• **ACTIVITY**
Please repeat the lines below, exactly and only, from the one that holds "#71=EDGE_CURVE('E210',#70,#62,#68,.T.);" through the one that holds "#89=VERTEX_POINT('',#88);".

• **INPUT RECORDS**

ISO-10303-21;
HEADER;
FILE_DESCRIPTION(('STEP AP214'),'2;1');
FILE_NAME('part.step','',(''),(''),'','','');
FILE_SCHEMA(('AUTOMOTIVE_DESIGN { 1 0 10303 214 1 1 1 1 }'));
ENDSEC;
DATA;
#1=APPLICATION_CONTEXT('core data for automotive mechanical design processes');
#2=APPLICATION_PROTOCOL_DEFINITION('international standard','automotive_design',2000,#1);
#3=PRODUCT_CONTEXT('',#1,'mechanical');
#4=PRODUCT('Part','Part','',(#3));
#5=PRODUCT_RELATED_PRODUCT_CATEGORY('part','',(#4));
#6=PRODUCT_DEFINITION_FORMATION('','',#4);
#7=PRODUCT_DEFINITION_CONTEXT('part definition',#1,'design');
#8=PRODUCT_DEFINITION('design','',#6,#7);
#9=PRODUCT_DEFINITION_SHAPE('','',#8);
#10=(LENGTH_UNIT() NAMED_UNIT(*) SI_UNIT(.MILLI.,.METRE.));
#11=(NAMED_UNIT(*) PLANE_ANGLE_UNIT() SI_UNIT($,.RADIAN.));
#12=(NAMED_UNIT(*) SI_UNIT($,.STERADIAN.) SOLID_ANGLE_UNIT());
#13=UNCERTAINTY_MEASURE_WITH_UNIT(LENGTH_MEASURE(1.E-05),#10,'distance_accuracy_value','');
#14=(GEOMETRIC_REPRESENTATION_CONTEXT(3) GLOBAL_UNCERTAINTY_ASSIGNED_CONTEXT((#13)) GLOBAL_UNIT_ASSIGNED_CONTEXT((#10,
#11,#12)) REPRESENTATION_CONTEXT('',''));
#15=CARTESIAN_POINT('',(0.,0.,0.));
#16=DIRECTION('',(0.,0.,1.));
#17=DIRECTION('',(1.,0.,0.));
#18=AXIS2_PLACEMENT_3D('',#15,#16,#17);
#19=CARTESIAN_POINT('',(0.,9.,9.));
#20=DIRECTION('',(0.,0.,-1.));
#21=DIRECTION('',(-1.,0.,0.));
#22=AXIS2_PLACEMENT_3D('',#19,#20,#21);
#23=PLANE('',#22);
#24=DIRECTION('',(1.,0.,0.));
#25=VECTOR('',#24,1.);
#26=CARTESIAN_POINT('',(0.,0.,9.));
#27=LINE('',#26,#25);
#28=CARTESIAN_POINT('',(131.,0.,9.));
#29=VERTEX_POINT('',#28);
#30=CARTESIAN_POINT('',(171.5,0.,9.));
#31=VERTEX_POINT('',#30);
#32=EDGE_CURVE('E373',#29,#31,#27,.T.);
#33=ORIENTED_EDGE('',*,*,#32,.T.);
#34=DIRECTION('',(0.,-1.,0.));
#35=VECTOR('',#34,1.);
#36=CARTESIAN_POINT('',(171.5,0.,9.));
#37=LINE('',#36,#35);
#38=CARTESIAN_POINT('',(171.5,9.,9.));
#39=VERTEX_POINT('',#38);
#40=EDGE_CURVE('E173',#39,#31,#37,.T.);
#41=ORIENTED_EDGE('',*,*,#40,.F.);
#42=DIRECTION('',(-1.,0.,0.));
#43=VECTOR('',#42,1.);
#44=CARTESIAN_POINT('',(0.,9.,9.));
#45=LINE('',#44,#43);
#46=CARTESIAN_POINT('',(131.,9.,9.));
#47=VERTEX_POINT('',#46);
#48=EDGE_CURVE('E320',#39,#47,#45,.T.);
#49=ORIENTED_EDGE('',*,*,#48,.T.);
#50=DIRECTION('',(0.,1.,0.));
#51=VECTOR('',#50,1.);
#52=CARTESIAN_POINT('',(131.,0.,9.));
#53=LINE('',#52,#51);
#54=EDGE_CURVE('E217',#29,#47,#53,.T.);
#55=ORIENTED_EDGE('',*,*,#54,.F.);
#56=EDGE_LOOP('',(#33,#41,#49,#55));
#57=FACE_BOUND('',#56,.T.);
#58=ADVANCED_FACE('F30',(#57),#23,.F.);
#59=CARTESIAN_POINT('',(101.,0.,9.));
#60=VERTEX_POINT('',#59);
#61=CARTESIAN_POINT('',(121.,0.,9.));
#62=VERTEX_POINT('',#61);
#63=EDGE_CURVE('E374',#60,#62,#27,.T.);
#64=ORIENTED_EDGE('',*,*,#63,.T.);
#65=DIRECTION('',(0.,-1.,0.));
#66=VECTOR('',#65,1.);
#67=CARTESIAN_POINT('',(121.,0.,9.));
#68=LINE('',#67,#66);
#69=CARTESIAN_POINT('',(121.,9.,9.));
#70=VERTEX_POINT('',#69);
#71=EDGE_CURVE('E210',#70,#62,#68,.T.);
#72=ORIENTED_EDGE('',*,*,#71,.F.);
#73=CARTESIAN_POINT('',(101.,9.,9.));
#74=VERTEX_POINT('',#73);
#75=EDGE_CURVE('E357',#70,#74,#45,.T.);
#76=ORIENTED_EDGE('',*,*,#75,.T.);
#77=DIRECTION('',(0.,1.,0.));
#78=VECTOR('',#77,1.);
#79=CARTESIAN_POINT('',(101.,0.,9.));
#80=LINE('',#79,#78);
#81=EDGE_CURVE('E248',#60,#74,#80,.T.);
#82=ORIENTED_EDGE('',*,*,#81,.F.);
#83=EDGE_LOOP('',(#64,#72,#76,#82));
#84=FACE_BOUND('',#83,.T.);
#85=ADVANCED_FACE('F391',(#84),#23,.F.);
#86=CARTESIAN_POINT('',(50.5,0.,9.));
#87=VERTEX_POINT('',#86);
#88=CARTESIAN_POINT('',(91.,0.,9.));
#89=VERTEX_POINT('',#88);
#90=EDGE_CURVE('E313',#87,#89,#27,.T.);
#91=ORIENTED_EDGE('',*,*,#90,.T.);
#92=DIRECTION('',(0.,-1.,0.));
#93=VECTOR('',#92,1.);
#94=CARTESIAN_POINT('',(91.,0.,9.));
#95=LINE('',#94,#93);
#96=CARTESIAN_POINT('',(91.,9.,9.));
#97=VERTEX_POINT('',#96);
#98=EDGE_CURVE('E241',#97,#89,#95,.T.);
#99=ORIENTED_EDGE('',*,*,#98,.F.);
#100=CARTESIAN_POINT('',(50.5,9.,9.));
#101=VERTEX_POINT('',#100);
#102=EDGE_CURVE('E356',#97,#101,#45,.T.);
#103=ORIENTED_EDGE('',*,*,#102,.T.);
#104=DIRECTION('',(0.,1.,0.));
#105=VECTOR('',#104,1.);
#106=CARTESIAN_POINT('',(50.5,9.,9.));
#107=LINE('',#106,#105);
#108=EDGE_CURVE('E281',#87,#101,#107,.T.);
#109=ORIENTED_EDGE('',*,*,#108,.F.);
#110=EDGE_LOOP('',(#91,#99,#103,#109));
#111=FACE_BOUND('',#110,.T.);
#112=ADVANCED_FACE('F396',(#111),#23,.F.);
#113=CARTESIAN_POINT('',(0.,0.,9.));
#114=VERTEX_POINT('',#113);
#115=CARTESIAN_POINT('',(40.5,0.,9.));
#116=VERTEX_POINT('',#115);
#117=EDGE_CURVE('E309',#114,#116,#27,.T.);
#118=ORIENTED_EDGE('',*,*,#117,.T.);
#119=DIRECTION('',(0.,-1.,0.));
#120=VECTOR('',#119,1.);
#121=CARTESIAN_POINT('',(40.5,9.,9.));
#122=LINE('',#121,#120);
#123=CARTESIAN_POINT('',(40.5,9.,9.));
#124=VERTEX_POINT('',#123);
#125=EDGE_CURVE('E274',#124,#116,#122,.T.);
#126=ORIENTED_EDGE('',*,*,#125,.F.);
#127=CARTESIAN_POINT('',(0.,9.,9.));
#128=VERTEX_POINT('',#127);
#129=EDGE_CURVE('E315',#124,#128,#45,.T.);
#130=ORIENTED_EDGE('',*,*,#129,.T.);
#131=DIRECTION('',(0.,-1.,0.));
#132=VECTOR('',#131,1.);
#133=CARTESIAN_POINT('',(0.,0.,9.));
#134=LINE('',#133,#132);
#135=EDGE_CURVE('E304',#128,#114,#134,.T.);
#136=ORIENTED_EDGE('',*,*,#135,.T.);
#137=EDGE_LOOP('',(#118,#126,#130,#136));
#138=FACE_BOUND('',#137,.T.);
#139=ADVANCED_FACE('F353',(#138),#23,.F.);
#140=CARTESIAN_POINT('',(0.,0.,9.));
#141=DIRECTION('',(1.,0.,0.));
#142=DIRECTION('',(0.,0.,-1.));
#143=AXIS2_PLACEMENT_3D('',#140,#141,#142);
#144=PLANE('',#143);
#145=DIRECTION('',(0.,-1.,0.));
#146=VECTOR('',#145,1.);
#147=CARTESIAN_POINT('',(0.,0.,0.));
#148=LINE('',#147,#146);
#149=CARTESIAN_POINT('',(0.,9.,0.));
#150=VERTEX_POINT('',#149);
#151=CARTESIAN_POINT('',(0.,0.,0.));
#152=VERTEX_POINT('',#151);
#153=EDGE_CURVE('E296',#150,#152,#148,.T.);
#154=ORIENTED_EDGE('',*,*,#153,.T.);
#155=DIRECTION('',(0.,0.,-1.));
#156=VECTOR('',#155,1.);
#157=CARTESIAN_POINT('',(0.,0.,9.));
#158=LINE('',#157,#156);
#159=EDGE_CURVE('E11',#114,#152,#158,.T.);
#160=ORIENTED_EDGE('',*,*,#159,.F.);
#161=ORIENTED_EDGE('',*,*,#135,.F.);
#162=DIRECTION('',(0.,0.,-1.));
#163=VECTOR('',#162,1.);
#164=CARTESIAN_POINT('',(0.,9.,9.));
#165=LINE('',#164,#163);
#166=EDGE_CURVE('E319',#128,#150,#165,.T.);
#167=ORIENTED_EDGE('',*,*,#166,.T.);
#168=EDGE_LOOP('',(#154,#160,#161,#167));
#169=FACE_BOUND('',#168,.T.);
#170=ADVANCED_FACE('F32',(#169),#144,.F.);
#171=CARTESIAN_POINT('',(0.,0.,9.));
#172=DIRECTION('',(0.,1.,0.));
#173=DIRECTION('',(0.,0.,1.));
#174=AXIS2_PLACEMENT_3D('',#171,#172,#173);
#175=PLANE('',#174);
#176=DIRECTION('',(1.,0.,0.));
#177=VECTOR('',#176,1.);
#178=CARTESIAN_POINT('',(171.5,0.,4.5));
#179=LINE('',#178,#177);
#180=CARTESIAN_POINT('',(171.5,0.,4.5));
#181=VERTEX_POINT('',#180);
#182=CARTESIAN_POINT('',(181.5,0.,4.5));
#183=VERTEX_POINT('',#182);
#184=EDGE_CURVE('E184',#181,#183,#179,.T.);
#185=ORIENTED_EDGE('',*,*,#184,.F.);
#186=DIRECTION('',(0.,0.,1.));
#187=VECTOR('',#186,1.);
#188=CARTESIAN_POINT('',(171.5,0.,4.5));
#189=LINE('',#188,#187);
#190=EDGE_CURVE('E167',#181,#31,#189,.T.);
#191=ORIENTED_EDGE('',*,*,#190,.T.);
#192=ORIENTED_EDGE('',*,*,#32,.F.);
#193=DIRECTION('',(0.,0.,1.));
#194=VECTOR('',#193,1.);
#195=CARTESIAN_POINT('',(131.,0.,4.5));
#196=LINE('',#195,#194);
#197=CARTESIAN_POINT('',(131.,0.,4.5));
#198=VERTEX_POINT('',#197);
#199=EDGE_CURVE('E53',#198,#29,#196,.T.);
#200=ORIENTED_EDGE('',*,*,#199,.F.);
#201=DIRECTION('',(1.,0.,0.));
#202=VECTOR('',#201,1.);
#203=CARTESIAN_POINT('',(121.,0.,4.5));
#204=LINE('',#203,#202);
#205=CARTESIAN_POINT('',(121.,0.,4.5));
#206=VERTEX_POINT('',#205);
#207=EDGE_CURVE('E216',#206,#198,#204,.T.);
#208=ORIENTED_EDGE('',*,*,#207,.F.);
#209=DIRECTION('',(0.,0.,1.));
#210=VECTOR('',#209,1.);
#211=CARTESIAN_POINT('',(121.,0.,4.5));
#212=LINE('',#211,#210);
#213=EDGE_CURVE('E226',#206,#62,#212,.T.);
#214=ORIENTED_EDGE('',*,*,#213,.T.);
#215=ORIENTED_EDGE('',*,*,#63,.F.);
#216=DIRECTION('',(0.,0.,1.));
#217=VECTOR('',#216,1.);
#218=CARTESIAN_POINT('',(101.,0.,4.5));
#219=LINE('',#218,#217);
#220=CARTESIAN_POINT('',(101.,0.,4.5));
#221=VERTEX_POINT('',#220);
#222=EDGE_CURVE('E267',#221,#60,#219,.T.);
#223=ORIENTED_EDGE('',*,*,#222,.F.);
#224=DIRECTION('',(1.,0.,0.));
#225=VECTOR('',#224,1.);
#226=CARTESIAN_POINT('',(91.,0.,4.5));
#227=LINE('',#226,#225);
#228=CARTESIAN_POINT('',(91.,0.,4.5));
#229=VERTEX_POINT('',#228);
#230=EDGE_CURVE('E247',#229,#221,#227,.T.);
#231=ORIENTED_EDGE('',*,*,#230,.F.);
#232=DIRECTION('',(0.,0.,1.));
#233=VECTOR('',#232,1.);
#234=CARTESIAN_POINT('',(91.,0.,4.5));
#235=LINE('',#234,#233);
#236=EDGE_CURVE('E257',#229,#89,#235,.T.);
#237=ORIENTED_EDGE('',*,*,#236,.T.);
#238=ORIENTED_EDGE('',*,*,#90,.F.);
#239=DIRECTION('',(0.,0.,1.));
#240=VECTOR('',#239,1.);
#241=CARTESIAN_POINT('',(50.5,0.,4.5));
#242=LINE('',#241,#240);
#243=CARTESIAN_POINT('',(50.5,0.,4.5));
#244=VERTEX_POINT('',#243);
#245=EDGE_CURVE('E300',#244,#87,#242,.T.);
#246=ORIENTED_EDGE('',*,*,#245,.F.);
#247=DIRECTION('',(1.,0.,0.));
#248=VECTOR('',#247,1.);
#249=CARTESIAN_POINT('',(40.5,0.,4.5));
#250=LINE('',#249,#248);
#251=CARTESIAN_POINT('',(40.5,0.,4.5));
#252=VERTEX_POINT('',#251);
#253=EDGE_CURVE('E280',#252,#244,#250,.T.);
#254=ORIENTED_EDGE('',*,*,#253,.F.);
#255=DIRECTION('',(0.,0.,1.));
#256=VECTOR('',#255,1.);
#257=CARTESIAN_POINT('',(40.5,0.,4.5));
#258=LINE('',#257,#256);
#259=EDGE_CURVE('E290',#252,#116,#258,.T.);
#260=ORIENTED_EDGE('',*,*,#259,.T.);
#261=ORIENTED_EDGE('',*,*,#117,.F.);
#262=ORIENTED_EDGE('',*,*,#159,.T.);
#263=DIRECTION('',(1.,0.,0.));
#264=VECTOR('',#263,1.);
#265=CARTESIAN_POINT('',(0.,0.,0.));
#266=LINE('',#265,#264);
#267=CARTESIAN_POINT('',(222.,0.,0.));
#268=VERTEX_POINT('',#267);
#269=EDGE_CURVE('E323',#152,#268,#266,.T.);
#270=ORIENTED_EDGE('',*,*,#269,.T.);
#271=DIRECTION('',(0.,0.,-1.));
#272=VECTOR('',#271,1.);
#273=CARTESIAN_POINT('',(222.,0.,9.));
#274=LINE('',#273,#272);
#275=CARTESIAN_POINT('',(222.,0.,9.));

• **WRITTEN ANSWER**
#71=EDGE_CURVE('E210',#70,#62,#68,.T.);
#72=ORIENTED_EDGE('',*,*,#71,.F.);
#73=CARTESIAN_POINT('',(101.,9.,9.));
#74=VERTEX_POINT('',#73);
#75=EDGE_CURVE('E357',#70,#74,#45,.T.);
#76=ORIENTED_EDGE('',*,*,#75,.T.);
#77=DIRECTION('',(0.,1.,0.));
#78=VECTOR('',#77,1.);
#79=CARTESIAN_POINT('',(101.,0.,9.));
#80=LINE('',#79,#78);
#81=EDGE_CURVE('E248',#60,#74,#80,.T.);
#82=ORIENTED_EDGE('',*,*,#81,.F.);
#83=EDGE_LOOP('',(#64,#72,#76,#82));
#84=FACE_BOUND('',#83,.T.);
#85=ADVANCED_FACE('F391',(#84),#23,.F.);
#86=CARTESIAN_POINT('',(50.5,0.,9.));
#87=VERTEX_POINT('',#86);
#88=CARTESIAN_POINT('',(91.,0.,9.));
#89=VERTEX_POINT('',#88);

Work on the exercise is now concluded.